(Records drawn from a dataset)
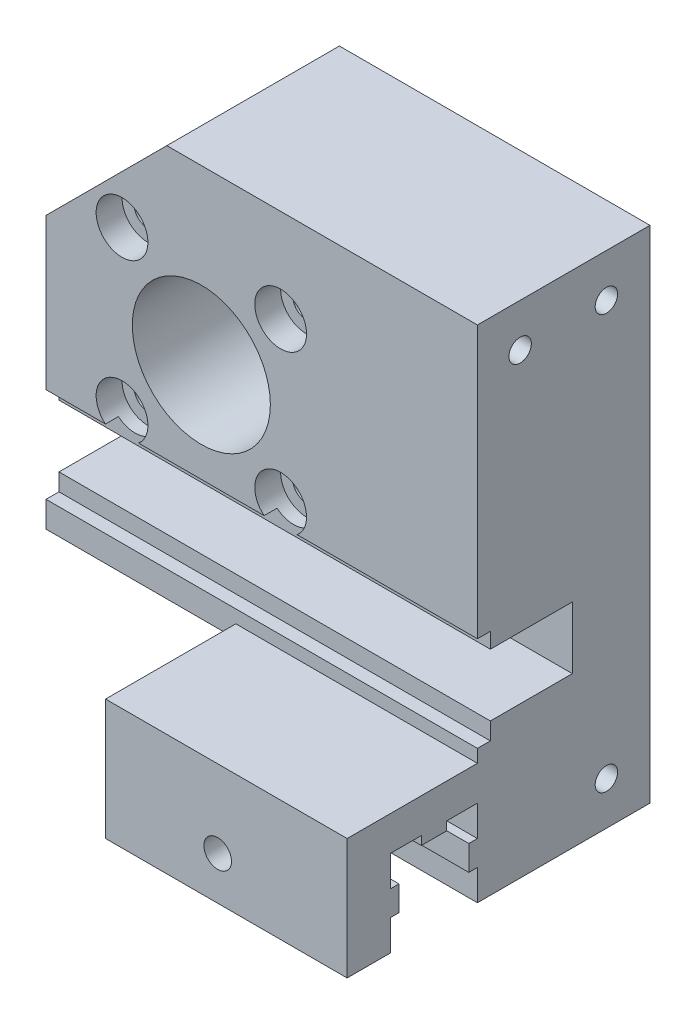
from build123d import *

# Parameters (mm, degrees)
ESQUISSE1_W                     = 50
ESQUISSE1_H                     = 45
MAIN_EXTRUSION_DEPTH            = 20
ESQUISSE5_R                     = 8
GEAR_LINEAR_HOLES_DEPTH         = 21
FIXING_EXTRUSION_DEPTH          = 25
ESQUISSE13_W                    = 50
ESQUISSE13_H                    = 7.2
ROLLINGBALLHORIZONTALHOLE_DEPTH = 11
FRONTHOLE_DEPTH                 = 22
ESQUISSE15_R                    = 1.6
BOTTOMFIXINGHOLE_DEPTH          = 36.1
ESQUISSE12_R                    = 16
REDUCTORMAINHOLE_DEPTH          = 5
REDUCTORFRONTFIXINGHOLE_DEPTH   = 3
ESQUISSE17_R                    = 1.6
MOTORFIXINGHOLE_DEPTH           = 31.1
ESQUISSE19_R                    = 3
ENL_V_MAT_EXTRU_5_DEPTH         = 3
SKETCH2_W                       = 1.5
SKETCH2_H                       = 11
CUTFORMAKERBEAMPROFILE_DEPTH    = 51
CUTFORDISTRIBUTORGRABBER_DEPTH  = 21
SKETCH4_R                       = 1.3
HOLETOBLOCKBEHIND_DEPTH         = 12


with BuildPart() as part:
    # Esquisse1 → Main Extrusion (new body)
    with BuildSketch(Plane.XY):
        Rectangle(ESQUISSE1_W, ESQUISSE1_H)
    extrude(amount=MAIN_EXTRUSION_DEPTH)

    # Esquisse5 → Gear Linear Holes (cut, through all)
    with BuildSketch(Plane.XY.offset(20)):
        with Locations((-7, 2.5)):
            Circle(ESQUISSE5_R)
    extrude(amount=-GEAR_LINEAR_HOLES_DEPTH, mode=Mode.SUBTRACT)

    # Esquisse8 → Fixing Extrusion (add, symmetric)
    with BuildSketch(Plane(origin=(0, 0, 0), x_dir=(0, 0, -1), z_dir=(1, 0, 0))):
        Polygon((-20, -25.5), (-20, -29.05), (-21, -29.05), (-21, -31.95), (-20, -31.95), (-20, -35.5), (0, -35.5), (0, -21.5), (-35.1, -21.5), (-35.1, -35.5), (-30.1, -35.5), (-30.1, -31.95), (-29.1, -31.95), (-29.1, -29.05), (-30.1, -29.05), (-30.1, -25.5), (-26.5, -25.5), (-26.5, -26.5), (-23.6, -26.5), (-23.6, -25.5), align=None)
    extrude(amount=FIXING_EXTRUSION_DEPTH, both=True)

    # Esquisse13 → RollingBallHorizontalHole (cut)
    with BuildSketch(Plane.XY.offset(20)):
        with Locations((0, -14.4)):
            Rectangle(ESQUISSE13_W, ESQUISSE13_H)
    extrude(amount=-ROLLINGBALLHORIZONTALHOLE_DEPTH, mode=Mode.SUBTRACT)

    # Esquisse14 → FrontHole (cut)
    with BuildSketch(Plane.ZY.offset(25)):
        Polygon((0, -23), (20, -23), (20, -18), (35.1, -18), (35.1, -35.5), (0, -35.5), align=None)
    extrude(amount=-FRONTHOLE_DEPTH, mode=Mode.SUBTRACT)

    # Esquisse15 → BottomFixingHole (cut, through all)
    with BuildSketch(Plane.XY.offset(35.1)):
        with Locations((10, -30.5)):
            Circle(ESQUISSE15_R)
    extrude(amount=-BOTTOMFIXINGHOLE_DEPTH, mode=Mode.SUBTRACT)

    # Esquisse12 → ReductorMainHole (cut)
    with BuildSketch(Plane.XY):
        with Locations((-7, 2.5)):
            Circle(ESQUISSE12_R)
    extrude(amount=REDUCTORMAINHOLE_DEPTH, mode=Mode.SUBTRACT)

    # Esquisse16 → ReductorFrontFixingHole (cut)
    with BuildSketch(Plane(origin=(0, 0, 5), x_dir=(-1, 0, 0), z_dir=(0, 0, -1))):
        with BuildLine():
            Line((2.641101056, 11.5), (11.358898944, 11.5))
            ThreePointArc((11.358898944, 11.5), (17, 2.5), (11.358898944, -6.5))
            Line((11.358898944, -6.5), (2.641101056, -6.5))
            ThreePointArc((2.641101056, -6.5), (-3, 2.5), (2.641101056, 11.5))
        make_face()
    extrude(amount=-REDUCTORFRONTFIXINGHOLE_DEPTH, mode=Mode.SUBTRACT)

    # Esquisse17 → MotorFixingHole (cut, through all)
    with BuildSketch(Plane(origin=(0, 0, 5), x_dir=(-1, 0, 0), z_dir=(0, 0, -1))):
        with Locations((-2.192388155, 11.692388155)):
            Circle(ESQUISSE17_R)
        with Locations((16.192388155, 11.692388155)):
            Circle(ESQUISSE17_R)
        with Locations((-2.192388155, -6.692388155)):
            Circle(ESQUISSE17_R)
        with Locations((16.192388155, -6.692388155)):
            Circle(ESQUISSE17_R)
    extrude(amount=-MOTORFIXINGHOLE_DEPTH, mode=Mode.SUBTRACT)

    # Esquisse19 → Enlèv. mat.-Extru.5 (cut)
    with BuildSketch(Plane.XY.offset(20)):
        with Locations((-16.192388155, 11.692388155)):
            Circle(ESQUISSE19_R)
        with Locations((2.192388155, 11.692388155)):
            Circle(ESQUISSE19_R)
        with Locations((-16.192388155, -6.692388155)):
            Circle(ESQUISSE19_R)
        with Locations((2.192388155, -6.692388155)):
            Circle(ESQUISSE19_R)
    extrude(amount=-ENL_V_MAT_EXTRU_5_DEPTH, mode=Mode.SUBTRACT)

    # Sketch2 → CutForMakerBeamProfile (cut, through all)
    with BuildSketch(Plane(origin=(25, 0, 0), x_dir=(0, 0, -1), z_dir=(1, 0, 0))):
        with Locations((-19.25, -14.5)):
            Rectangle(SKETCH2_W, SKETCH2_H)
    extrude(amount=-CUTFORMAKERBEAMPROFILE_DEPTH, mode=Mode.SUBTRACT)

    # Sketch3 → CutForDistributorGrabber (cut, through all)
    with BuildSketch(Plane.XY.offset(20)):
        Polygon((-11, 22.5), (-25, 8.5), (-25, 22.5), align=None)
    extrude(amount=-CUTFORDISTRIBUTORGRABBER_DEPTH, mode=Mode.SUBTRACT)

    # Sketch4 → HoleToBlockBehind (cut)
    with BuildSketch(Plane(origin=(25, 0, 0), x_dir=(0, 0, -1), z_dir=(1, 0, 0))):
        with Locations((-5.05, -30.5)):
            Circle(SKETCH4_R)
        with Locations((-25.05, -30.5)):
            Circle(SKETCH4_R)
        with Locations((-5.05, 17.5)):
            Circle(SKETCH4_R)
        with Locations((-15.05, 17.5)):
            Circle(SKETCH4_R)
    extrude(amount=-HOLETOBLOCKBEHIND_DEPTH, mode=Mode.SUBTRACT)


solid = part.part

_What is required:_ Please copy the preceding records exactly and omit the images.

_Reply to the task:_
from build123d import *

# Parameters (mm, degrees)
ESQUISSE1_W                     = 50
ESQUISSE1_H                     = 45
MAIN_EXTRUSION_DEPTH            = 20
ESQUISSE5_R                     = 8
GEAR_LINEAR_HOLES_DEPTH         = 21
FIXING_EXTRUSION_DEPTH          = 25
ESQUISSE13_W                    = 50
ESQUISSE13_H                    = 7.2
ROLLINGBALLHORIZONTALHOLE_DEPTH = 11
FRONTHOLE_DEPTH                 = 22
ESQUISSE15_R                    = 1.6
BOTTOMFIXINGHOLE_DEPTH          = 36.1
ESQUISSE12_R                    = 16
REDUCTORMAINHOLE_DEPTH          = 5
REDUCTORFRONTFIXINGHOLE_DEPTH   = 3
ESQUISSE17_R                    = 1.6
MOTORFIXINGHOLE_DEPTH           = 31.1
ESQUISSE19_R                    = 3
ENL_V_MAT_EXTRU_5_DEPTH         = 3
SKETCH2_W                       = 1.5
SKETCH2_H                       = 11
CUTFORMAKERBEAMPROFILE_DEPTH    = 51
CUTFORDISTRIBUTORGRABBER_DEPTH  = 21
SKETCH4_R                       = 1.3
HOLETOBLOCKBEHIND_DEPTH         = 12


with BuildPart() as part:
    # Esquisse1 → Main Extrusion (new body)
    with BuildSketch(Plane.XY):
        Rectangle(ESQUISSE1_W, ESQUISSE1_H)
    extrude(amount=MAIN_EXTRUSION_DEPTH)

    # Esquisse5 → Gear Linear Holes (cut, through all)
    with BuildSketch(Plane.XY.offset(20)):
        with Locations((-7, 2.5)):
            Circle(ESQUISSE5_R)
    extrude(amount=-GEAR_LINEAR_HOLES_DEPTH, mode=Mode.SUBTRACT)

    # Esquisse8 → Fixing Extrusion (add, symmetric)
    with BuildSketch(Plane(origin=(0, 0, 0), x_dir=(0, 0, -1), z_dir=(1, 0, 0))):
        Polygon((-20, -25.5), (-20, -29.05), (-21, -29.05), (-21, -31.95), (-20, -31.95), (-20, -35.5), (0, -35.5), (0, -21.5), (-35.1, -21.5), (-35.1, -35.5), (-30.1, -35.5), (-30.1, -31.95), (-29.1, -31.95), (-29.1, -29.05), (-30.1, -29.05), (-30.1, -25.5), (-26.5, -25.5), (-26.5, -26.5), (-23.6, -26.5), (-23.6, -25.5), align=None)
    extrude(amount=FIXING_EXTRUSION_DEPTH, both=True)

    # Esquisse13 → RollingBallHorizontalHole (cut)
    with BuildSketch(Plane.XY.offset(20)):
        with Locations((0, -14.4)):
            Rectangle(ESQUISSE13_W, ESQUISSE13_H)
    extrude(amount=-ROLLINGBALLHORIZONTALHOLE_DEPTH, mode=Mode.SUBTRACT)

    # Esquisse14 → FrontHole (cut)
    with BuildSketch(Plane.ZY.offset(25)):
        Polygon((0, -23), (20, -23), (20, -18), (35.1, -18), (35.1, -35.5), (0, -35.5), align=None)
    extrude(amount=-FRONTHOLE_DEPTH, mode=Mode.SUBTRACT)

    # Esquisse15 → BottomFixingHole (cut, through all)
    with BuildSketch(Plane.XY.offset(35.1)):
        with Locations((10, -30.5)):
            Circle(ESQUISSE15_R)
    extrude(amount=-BOTTOMFIXINGHOLE_DEPTH, mode=Mode.SUBTRACT)

    # Esquisse12 → ReductorMainHole (cut)
    with BuildSketch(Plane.XY):
        with Locations((-7, 2.5)):
            Circle(ESQUISSE12_R)
    extrude(amount=REDUCTORMAINHOLE_DEPTH, mode=Mode.SUBTRACT)

    # Esquisse16 → ReductorFrontFixingHole (cut)
    with BuildSketch(Plane(origin=(0, 0, 5), x_dir=(-1, 0, 0), z_dir=(0, 0, -1))):
        with BuildLine():
            Line((2.641101056, 11.5), (11.358898944, 11.5))
            ThreePointArc((11.358898944, 11.5), (17, 2.5), (11.358898944, -6.5))
            Line((11.358898944, -6.5), (2.641101056, -6.5))
            ThreePointArc((2.641101056, -6.5), (-3, 2.5), (2.641101056, 11.5))
        make_face()
    extrude(amount=-REDUCTORFRONTFIXINGHOLE_DEPTH, mode=Mode.SUBTRACT)

    # Esquisse17 → MotorFixingHole (cut, through all)
    with BuildSketch(Plane(origin=(0, 0, 5), x_dir=(-1, 0, 0), z_dir=(0, 0, -1))):
        with Locations((-2.192388155, 11.692388155)):
            Circle(ESQUISSE17_R)
        with Locations((16.192388155, 11.692388155)):
            Circle(ESQUISSE17_R)
        with Locations((-2.192388155, -6.692388155)):
            Circle(ESQUISSE17_R)
        with Locations((16.192388155, -6.692388155)):
            Circle(ESQUISSE17_R)
    extrude(amount=-MOTORFIXINGHOLE_DEPTH, mode=Mode.SUBTRACT)

    # Esquisse19 → Enlèv. mat.-Extru.5 (cut)
    with BuildSketch(Plane.XY.offset(20)):
        with Locations((-16.192388155, 11.692388155)):
            Circle(ESQUISSE19_R)
        with Locations((2.192388155, 11.692388155)):
            Circle(ESQUISSE19_R)
        with Locations((-16.192388155, -6.692388155)):
            Circle(ESQUISSE19_R)
        with Locations((2.192388155, -6.692388155)):
            Circle(ESQUISSE19_R)
    extrude(amount=-ENL_V_MAT_EXTRU_5_DEPTH, mode=Mode.SUBTRACT)

    # Sketch2 → CutForMakerBeamProfile (cut, through all)
    with BuildSketch(Plane(origin=(25, 0, 0), x_dir=(0, 0, -1), z_dir=(1, 0, 0))):
        with Locations((-19.25, -14.5)):
            Rectangle(SKETCH2_W, SKETCH2_H)
    extrude(amount=-CUTFORMAKERBEAMPROFILE_DEPTH, mode=Mode.SUBTRACT)

    # Sketch3 → CutForDistributorGrabber (cut, through all)
    with BuildSketch(Plane.XY.offset(20)):
        Polygon((-11, 22.5), (-25, 8.5), (-25, 22.5), align=None)
    extrude(amount=-CUTFORDISTRIBUTORGRABBER_DEPTH, mode=Mode.SUBTRACT)

    # Sketch4 → HoleToBlockBehind (cut)
    with BuildSketch(Plane(origin=(25, 0, 0), x_dir=(0, 0, -1), z_dir=(1, 0, 0))):
        with Locations((-5.05, -30.5)):
            Circle(SKETCH4_R)
        with Locations((-25.05, -30.5)):
            Circle(SKETCH4_R)
        with Locations((-5.05, 17.5)):
            Circle(SKETCH4_R)
        with Locations((-15.05, 17.5)):
            Circle(SKETCH4_R)
    extrude(amount=-HOLETOBLOCKBEHIND_DEPTH, mode=Mode.SUBTRACT)


solid = part.part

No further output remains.